Exercise details. Copy each line that includes the string "script" from the material into your answer.

Task material.
********************
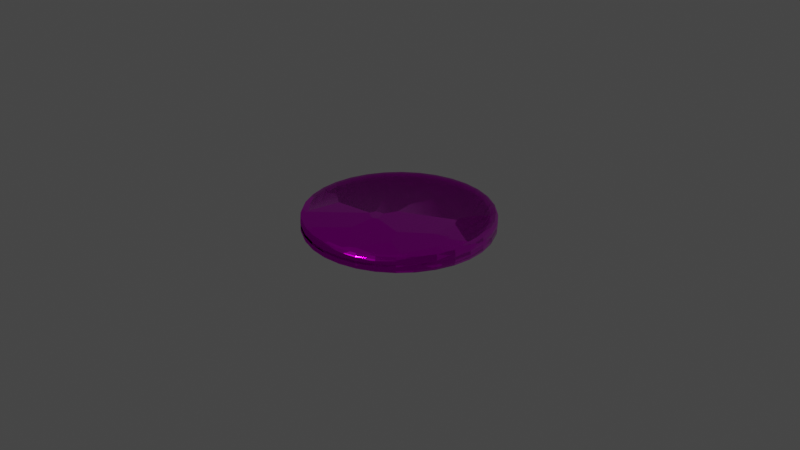 # Source: CollectableCoin.blend  (saved by Blender 3.4.6; exported with 4.5.12 LTS)
import bpy
from mathutils import Matrix  # noqa: F401  (used for matrix-valued properties, if any)

bpy.ops.wm.read_factory_settings(use_empty=True)
scene = bpy.context.scene
scene.name = 'Scene'

# ---- collections
col_collection = bpy.data.collections.new('Collection'); scene.collection.children.link(col_collection)

# ---- images (referenced by path relative to the original .blend; pixels are not part of the script)
import os
ASSET_DIR = os.environ.get("B2B_ASSET_DIR", "")  # directory of the original .blend (textures are referenced by path, not embedded)
HERE = os.path.dirname(os.path.abspath(__file__))  # packed textures are extracted next to this script under _unpacked/

def load_image(name, relpath, width, height, colorspace="sRGB"):
    """Load a texture the original file referenced (path relative to the .blend, or extracted next to this script)."""
    p = next((c for c in (os.path.join(HERE, relpath), os.path.join(ASSET_DIR, relpath)) if relpath and os.path.exists(c)), "")
    if p:
        img = bpy.data.images.load(p, check_existing=True)
        img.name = name
    else:  # same state as the original file: an image datablock whose file is absent (Cycles renders it pink)
        img = bpy.data.images.new(name, width, height)
        img.source = "FILE"
        img.filepath = "//" + (relpath or name)
    img.colorspace_settings.name = colorspace
    return img
img_cointexture2_png = load_image('coinTexture2.png', 'coinTexture2.png', 1024, 1024, 'sRGB')

# ---- materials (node trees are filled in below, after node groups)
mat_material = bpy.data.materials.new('Material')
mat_material.use_transparent_shadow = False

# ---- node groups
ng_auto_smooth = bpy.data.node_groups.new('Auto Smooth', 'GeometryNodeTree')
_s = ng_auto_smooth.interface.new_socket(name='Geometry', in_out='OUTPUT', socket_type='NodeSocketGeometry')
_s = ng_auto_smooth.interface.new_socket(name='Geometry', in_out='INPUT', socket_type='NodeSocketGeometry')
_s = ng_auto_smooth.interface.new_socket(name='Angle', in_out='INPUT', socket_type='NodeSocketFloat')
_s.subtype = 'ANGLE'
_s.min_value = 0.0
_s.max_value = 3.142
ng_auto_smooth.is_modifier = True
_N = ng_auto_smooth.nodes; _L = ng_auto_smooth.links
n0 = _N.new('NodeGroupOutput'); n0.name = 'Group Output'; n0.location = (480, -100)
n1 = _N.new('NodeGroupInput'); n1.name = 'Group Input'; n1.location = (-420, -300)
n2 = _N.new('NodeGroupInput'); n2.name = 'Group Input.001'; n2.location = (-60, -100)
n3 = _N.new('GeometryNodeSetShadeSmooth'); n3.name = 'Set Shade Smooth'; n3.location = (120, -100)
n3.domain = 'EDGE'
n4 = _N.new('GeometryNodeSetShadeSmooth'); n4.name = 'Set Shade Smooth.001'; n4.location = (300, -100)
n5 = _N.new('GeometryNodeInputMeshEdgeAngle'); n5.name = 'Edge Angle'; n5.location = (-420, -220)
n6 = _N.new('GeometryNodeInputEdgeSmooth'); n6.name = 'Is Edge Smooth'; n6.location = (-60, -160)
n7 = _N.new('GeometryNodeInputShadeSmooth'); n7.name = 'Is Face Smooth'; n7.location = (-240, -340)
n8 = _N.new('FunctionNodeBooleanMath'); n8.name = 'Boolean Math'; n8.location = (-60, -220)
n9 = _N.new('FunctionNodeCompare'); n9.name = 'Compare'; n9.location = (-240, -180)
n9.operation = 'LESS_EQUAL'
_L.new(n5.outputs[0], n9.inputs[0])
_L.new(n4.outputs[0], n0.inputs[0])
_L.new(n1.outputs[1], n9.inputs[1])
_L.new(n9.outputs[0], n8.inputs[0])
_L.new(n7.outputs[0], n8.inputs[1])
_L.new(n2.outputs[0], n3.inputs[0])
_L.new(n6.outputs[0], n3.inputs[1])
_L.new(n3.outputs[0], n4.inputs[0])
_L.new(n8.outputs[0], n3.inputs[2])
n0.is_active_output = True

# ---- material node trees
mat_material.use_nodes = True; mat_material.node_tree.nodes.clear()
_N = mat_material.node_tree.nodes; _L = mat_material.node_tree.links
n0 = _N.new('ShaderNodeBsdfPrincipled'); n0.name = 'Principled BSDF'; n0.location = (10, 300)
n0.distribution = 'GGX'
n0.subsurface_method = 'RANDOM_WALK_SKIN'
n0.inputs[1].default_value = 1.0
n0.inputs[2].default_value = 0.122
n0.inputs[3].default_value = 1.45
n0.inputs[27].default_value = (0.0, 0.0, 0.0, 1.0)
n0.inputs[28].default_value = 1.0
n1 = _N.new('ShaderNodeOutputMaterial'); n1.name = 'Material Output'; n1.location = (300, 300)
n2 = _N.new('ShaderNodeTexImage'); n2.name = 'Image Texture'; n2.location = (-280, 280)
n2.image = img_cointexture2_png
n3 = _N.new('ShaderNodeTexVoronoi'); n3.name = 'Voronoi Texture'; n3.location = (-180, -120)
_L.new(n0.outputs[0], n1.inputs[0])
_L.new(n2.outputs[0], n0.inputs[0])
_L.new(n3.outputs[2], n0.inputs[5])
n1.is_active_output = True

# ---- world
world_world = bpy.data.worlds.new('World'); scene.world = world_world
world_world.use_nodes = True; world_world.node_tree.nodes.clear()
_N = world_world.node_tree.nodes; _L = world_world.node_tree.links
n0 = _N.new('ShaderNodeOutputWorld'); n0.name = 'World Output'; n0.location = (300, 300)
n1 = _N.new('ShaderNodeBackground'); n1.name = 'Background'; n1.location = (10, 300)
n1.inputs[0].default_value = (0.05088, 0.05088, 0.05088, 1.0)
_L.new(n1.outputs[0], n0.inputs[0])
n0.is_active_output = True
world_world.color = (0.05088, 0.05088, 0.05088)
world_world.use_sun_shadow = False
world_world.sun_shadow_jitter_overblur = 0.0

# ---- cameras
cam_camera = bpy.data.cameras.new('Camera')
cam_camera.clip_end = 100.0
cam_camera.ortho_scale = 7.314

# ---- lights
light_light = bpy.data.lights.new('Light', 'POINT')
light_light.transmission_factor = 0.0
light_light.energy = 1000.0
light_light.shadow_soft_size = 0.1
light_light.shadow_maximum_resolution = 0.006
light_light.use_absolute_resolution = True

# ---- meshes
me_cylinder = bpy.data.meshes.new('Cylinder')
me_cylinder.from_pydata([(3.437e-10, 0.9227, 0.06432), (0.0, 1.0, 0.05522), (0.0, 0.9883, 0.08336), (3.437e-10, 0.9227, -0.06432), (0.0, 1.0, 0.0204), (0.0, 1.0, -0.05522), (0.18, 0.9049, 0.06432), (0.1951, 0.9808, 0.05522), (0.1928, 0.9693, 0.08336), (0.0, 0.9883, -0.08336), (0.1951, 0.9808, 0.0204), (0.0, 1.0, -0.0204), (0.3531, 0.8524, 0.06432), (0.3827, 0.9239, 0.05522), (0.3782, 0.9131, 0.08336), (0.18, 0.9049, -0.06432), (0.3827, 0.9239, 0.0204), (0.1951, 0.9808, -0.05522), (0.5126, 0.7672, 0.06432), (0.5556, 0.8315, 0.05522), (0.5491, 0.8217, 0.08336), (0.1928, 0.9693, -0.08336), (0.5556, 0.8315, 0.0204), (0.1951, 0.9808, -0.0204), (0.6524, 0.6524, 0.06432), (0.7071, 0.7071, 0.05522), (0.6988, 0.6988, 0.08336), (0.3531, 0.8524, -0.06432), (0.7071, 0.7071, 0.0204), (0.3827, 0.9239, -0.05522), (0.7672, 0.5126, 0.06432), (0.8315, 0.5556, 0.05522), (0.8217, 0.5491, 0.08336), (0.3782, 0.9131, -0.08336), (0.8315, 0.5556, 0.0204), (0.3827, 0.9239, -0.0204), (0.8524, 0.3531, 0.06432), (0.9239, 0.3827, 0.05522), (0.9131, 0.3782, 0.08336), (0.5126, 0.7672, -0.06432), (0.9239, 0.3827, 0.0204), (0.5556, 0.8315, -0.05522), (0.9049, 0.18, 0.06432), (0.9808, 0.1951, 0.05522), (0.9693, 0.1928, 0.08336), (0.5491, 0.8217, -0.08336), (0.9808, 0.1951, 0.0204), (0.5556, 0.8315, -0.0204), (0.9227, -7.615e-10, 0.06432), (1.0, 0.0, 0.05522), (0.9883, 0.0, 0.08336), (0.6524, 0.6524, -0.06432), (1.0, 0.0, 0.0204), (0.7071, 0.7071, -0.05522), (0.9049, -0.18, 0.06432), (0.9808, -0.1951, 0.05522), (0.9693, -0.1928, 0.08336), (0.6988, 0.6988, -0.08336), (0.9808, -0.1951, 0.0204), (0.7071, 0.7071, -0.0204), (0.8524, -0.3531, 0.06432), (0.9239, -0.3827, 0.05522), (0.9131, -0.3782, 0.08336), (0.7672, 0.5126, -0.06432), (0.9239, -0.3827, 0.0204), (0.8315, 0.5556, -0.05522), (0.7672, -0.5126, 0.06432), (0.8315, -0.5556, 0.05522), (0.8217, -0.5491, 0.08336), (0.8217, 0.5491, -0.08336), (0.8315, -0.5556, 0.0204), (0.8315, 0.5556, -0.0204), (0.6524, -0.6524, 0.06432), (0.7071, -0.7071, 0.05522), (0.6988, -0.6988, 0.08336), (0.8524, 0.3531, -0.06432), (0.7071, -0.7071, 0.0204), (0.9239, 0.3827, -0.05522), (0.5126, -0.7672, 0.06432), (0.5556, -0.8315, 0.05522), (0.5491, -0.8217, 0.08336), (0.9131, 0.3782, -0.08336), (0.5556, -0.8315, 0.0204), (0.9239, 0.3827, -0.0204), (0.3531, -0.8524, 0.06432), (0.3827, -0.9239, 0.05522), (0.3782, -0.9131, 0.08336), (0.9049, 0.18, -0.06432), (0.3827, -0.9239, 0.0204), (0.9808, 0.1951, -0.05522), (0.18, -0.9049, 0.06432), (0.1951, -0.9808, 0.05522), (0.1928, -0.9693, 0.08336), (0.9693, 0.1928, -0.08336), (0.1951, -0.9808, 0.0204), (0.9808, 0.1951, -0.0204), (3.437e-10, -0.9227, 0.06432), (0.0, -1.0, 0.05522), (0.0, -0.9883, 0.08336), (0.9227, -7.615e-10, -0.06432), (0.0, -1.0, 0.0204), (1.0, 0.0, -0.05522), (-0.18, -0.9049, 0.06432), (-0.1951, -0.9808, 0.05522), (-0.1928, -0.9693, 0.08336), (0.9883, 0.0, -0.08336), (-0.1951, -0.9808, 0.0204), (1.0, 0.0, -0.0204), (-0.3531, -0.8524, 0.06432), (-0.3827, -0.9239, 0.05522), (-0.3782, -0.9131, 0.08336), (0.9049, -0.18, -0.06432), (-0.3827, -0.9239, 0.0204), (0.9808, -0.1951, -0.05522), (-0.5126, -0.7672, 0.06432), (-0.5556, -0.8315, 0.05522), (-0.5491, -0.8217, 0.08336), (0.9693, -0.1928, -0.08336), (-0.5556, -0.8315, 0.0204), (0.9808, -0.1951, -0.0204), (-0.6524, -0.6524, 0.06432), (-0.7071, -0.7071, 0.05522), (-0.6988, -0.6988, 0.08336), (0.8524, -0.3531, -0.06432), (-0.7071, -0.7071, 0.0204), (0.9239, -0.3827, -0.05522), (-0.7672, -0.5126, 0.06432), (-0.8315, -0.5556, 0.05522), (-0.8217, -0.5491, 0.08336), (0.9131, -0.3782, -0.08336), (-0.8315, -0.5556, 0.0204), (0.9239, -0.3827, -0.0204), (-0.8524, -0.3531, 0.06432), (-0.9239, -0.3827, 0.05522), (-0.9131, -0.3782, 0.08336), (0.7672, -0.5126, -0.06432), (-0.9239, -0.3827, 0.0204), (0.8315, -0.5556, -0.05522), (-0.9049, -0.18, 0.06432), (-0.9808, -0.1951, 0.05522), (-0.9693, -0.1928, 0.08336), (0.8217, -0.5491, -0.08336), (-0.9808, -0.1951, 0.0204), (0.8315, -0.5556, -0.0204), (-0.9227, -7.615e-10, 0.06432), (-1.0, 0.0, 0.05522), (-0.9883, 0.0, 0.08336), (0.6524, -0.6524, -0.06432), (-1.0, 0.0, 0.0204), (0.7071, -0.7071, -0.05522), (-0.9049, 0.18, 0.06432), (-0.9808, 0.1951, 0.05522), (-0.9693, 0.1928, 0.08336), (0.6988, -0.6988, -0.08336), (-0.9808, 0.1951, 0.0204), (0.7071, -0.7071, -0.0204), (-0.8524, 0.3531, 0.06432), (-0.9239, 0.3827, 0.05522), (-0.9131, 0.3782, 0.08336), (0.5126, -0.7672, -0.06432), (-0.9239, 0.3827, 0.0204), (0.5556, -0.8315, -0.05522), (-0.7672, 0.5126, 0.06432), (-0.8315, 0.5556, 0.05522), (-0.8217, 0.5491, 0.08336), (0.5491, -0.8217, -0.08336), (-0.8315, 0.5556, 0.0204), (0.5556, -0.8315, -0.0204), (-0.6524, 0.6524, 0.06432), (-0.7071, 0.7071, 0.05522), (-0.6988, 0.6988, 0.08336), (0.3531, -0.8524, -0.06432), (-0.7071, 0.7071, 0.0204), (0.3827, -0.9239, -0.05522), (-0.5126, 0.7672, 0.06432), (-0.5556, 0.8315, 0.05522), (-0.5491, 0.8217, 0.08336), (0.3782, -0.9131, -0.08336), (-0.5556, 0.8315, 0.0204), (0.3827, -0.9239, -0.0204), (-0.3531, 0.8524, 0.06432), (-0.3827, 0.9239, 0.05522), (-0.3782, 0.9131, 0.08336), (0.18, -0.9049, -0.06432), (-0.3827, 0.9239, 0.0204), (0.1951, -0.9808, -0.05522), (-0.18, 0.9049, 0.06432), (-0.1951, 0.9808, 0.05522), (-0.1928, 0.9693, 0.08336), (0.1928, -0.9693, -0.08336), (-0.1951, 0.9808, 0.0204), (0.1951, -0.9808, -0.0204), (0.1903, 0.9566, 0.0887), (0.1851, 0.9304, 0.08298), (4.978e-11, 0.9487, 0.08298), (0.0, 0.9753, 0.0887), (0.3732, 0.9011, 0.0887), (0.363, 0.8765, 0.08298), (0.5419, 0.811, 0.0887), (0.5271, 0.7888, 0.08298), (0.6897, 0.6897, 0.0887), (0.6708, 0.6708, 0.08298), (0.811, 0.5419, 0.0887), (0.7888, 0.5271, 0.08298), (0.9011, 0.3732, 0.0887), (0.8765, 0.363, 0.08298), (0.9566, 0.1903, 0.0887), (0.9304, 0.1851, 0.08298), (0.9753, 0.0, 0.0887), (0.9487, -3.678e-10, 0.08298), (0.9566, -0.1903, 0.0887), (0.9304, -0.1851, 0.08298), (0.9011, -0.3732, 0.0887), (0.8765, -0.363, 0.08298), (0.811, -0.5419, 0.0887), (0.7888, -0.5271, 0.08298), (0.6897, -0.6897, 0.0887), (0.6708, -0.6708, 0.08298), (0.5419, -0.811, 0.0887), (0.5271, -0.7888, 0.08298), (0.3732, -0.9011, 0.0887), (0.363, -0.8765, 0.08298), (0.1903, -0.9566, 0.0887), (0.1851, -0.9304, 0.08298), (0.0, -0.9753, 0.0887), (4.978e-11, -0.9487, 0.08298), (-0.1903, -0.9566, 0.0887), (-0.1851, -0.9304, 0.08298), (-0.3732, -0.9011, 0.0887), (-0.363, -0.8765, 0.08298), (-0.5419, -0.811, 0.0887), (-0.5271, -0.7888, 0.08298), (-0.6897, -0.6897, 0.0887), (-0.6708, -0.6708, 0.08298), (-0.811, -0.5419, 0.0887), (-0.7888, -0.5271, 0.08298), (-0.9011, -0.3732, 0.0887), (-0.8765, -0.363, 0.08298), (-0.9566, -0.1903, 0.0887), (-0.9304, -0.1851, 0.08298), (-0.9753, 0.0, 0.0887), (-0.9487, -3.678e-10, 0.08298), (-0.9566, 0.1903, 0.0887), (-0.9304, 0.1851, 0.08298), (-0.9011, 0.3732, 0.0887), (-0.8765, 0.363, 0.08298), (-0.811, 0.5419, 0.0887), (-0.7888, 0.5271, 0.08298), (-0.6897, 0.6897, 0.0887), (-0.6708, 0.6708, 0.08298), (-0.5419, 0.811, 0.0887), (-0.5271, 0.7888, 0.08298), (-0.3732, 0.9011, 0.0887), (-0.363, 0.8765, 0.08298), (-0.1903, 0.9566, 0.0887), (-0.1851, 0.9304, 0.08298), (0.1934, 0.9725, 0.0), (0.0, 0.9915, 0.0), (0.3794, 0.916, 0.0), (0.5509, 0.8244, 0.0), (0.7011, 0.7011, 0.0), (0.8244, 0.5509, 0.0), (0.916, 0.3794, 0.0), (0.9725, 0.1934, 0.0), (0.9915, 0.0, 0.0), (0.9725, -0.1934, 0.0), (0.916, -0.3794, 0.0), (0.8244, -0.5509, 0.0), (0.7011, -0.7011, 0.0), (0.5509, -0.8244, 0.0), (0.3794, -0.916, 0.0), (0.1934, -0.9725, 0.0), (0.0, -0.9915, 0.0), (-0.1934, -0.9725, 0.0), (-0.3794, -0.916, 0.0), (-0.5509, -0.8244, 0.0), (-0.7011, -0.7011, 0.0), (-0.8244, -0.5509, 0.0), (-0.916, -0.3794, 0.0), (-0.9725, -0.1934, 0.0), (-0.9915, 0.0, 0.0), (-0.9725, 0.1934, 0.0), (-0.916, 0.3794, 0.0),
********************
Response to this exercise.
# ---- images (referenced by path relative to the original .blend; pixels are not part of the script)
HERE = os.path.dirname(os.path.abspath(__file__))  # packed textures are extracted next to this script under _unpacked/
    """Load a texture the original file referenced (path relative to the .blend, or extracted next to this script)."""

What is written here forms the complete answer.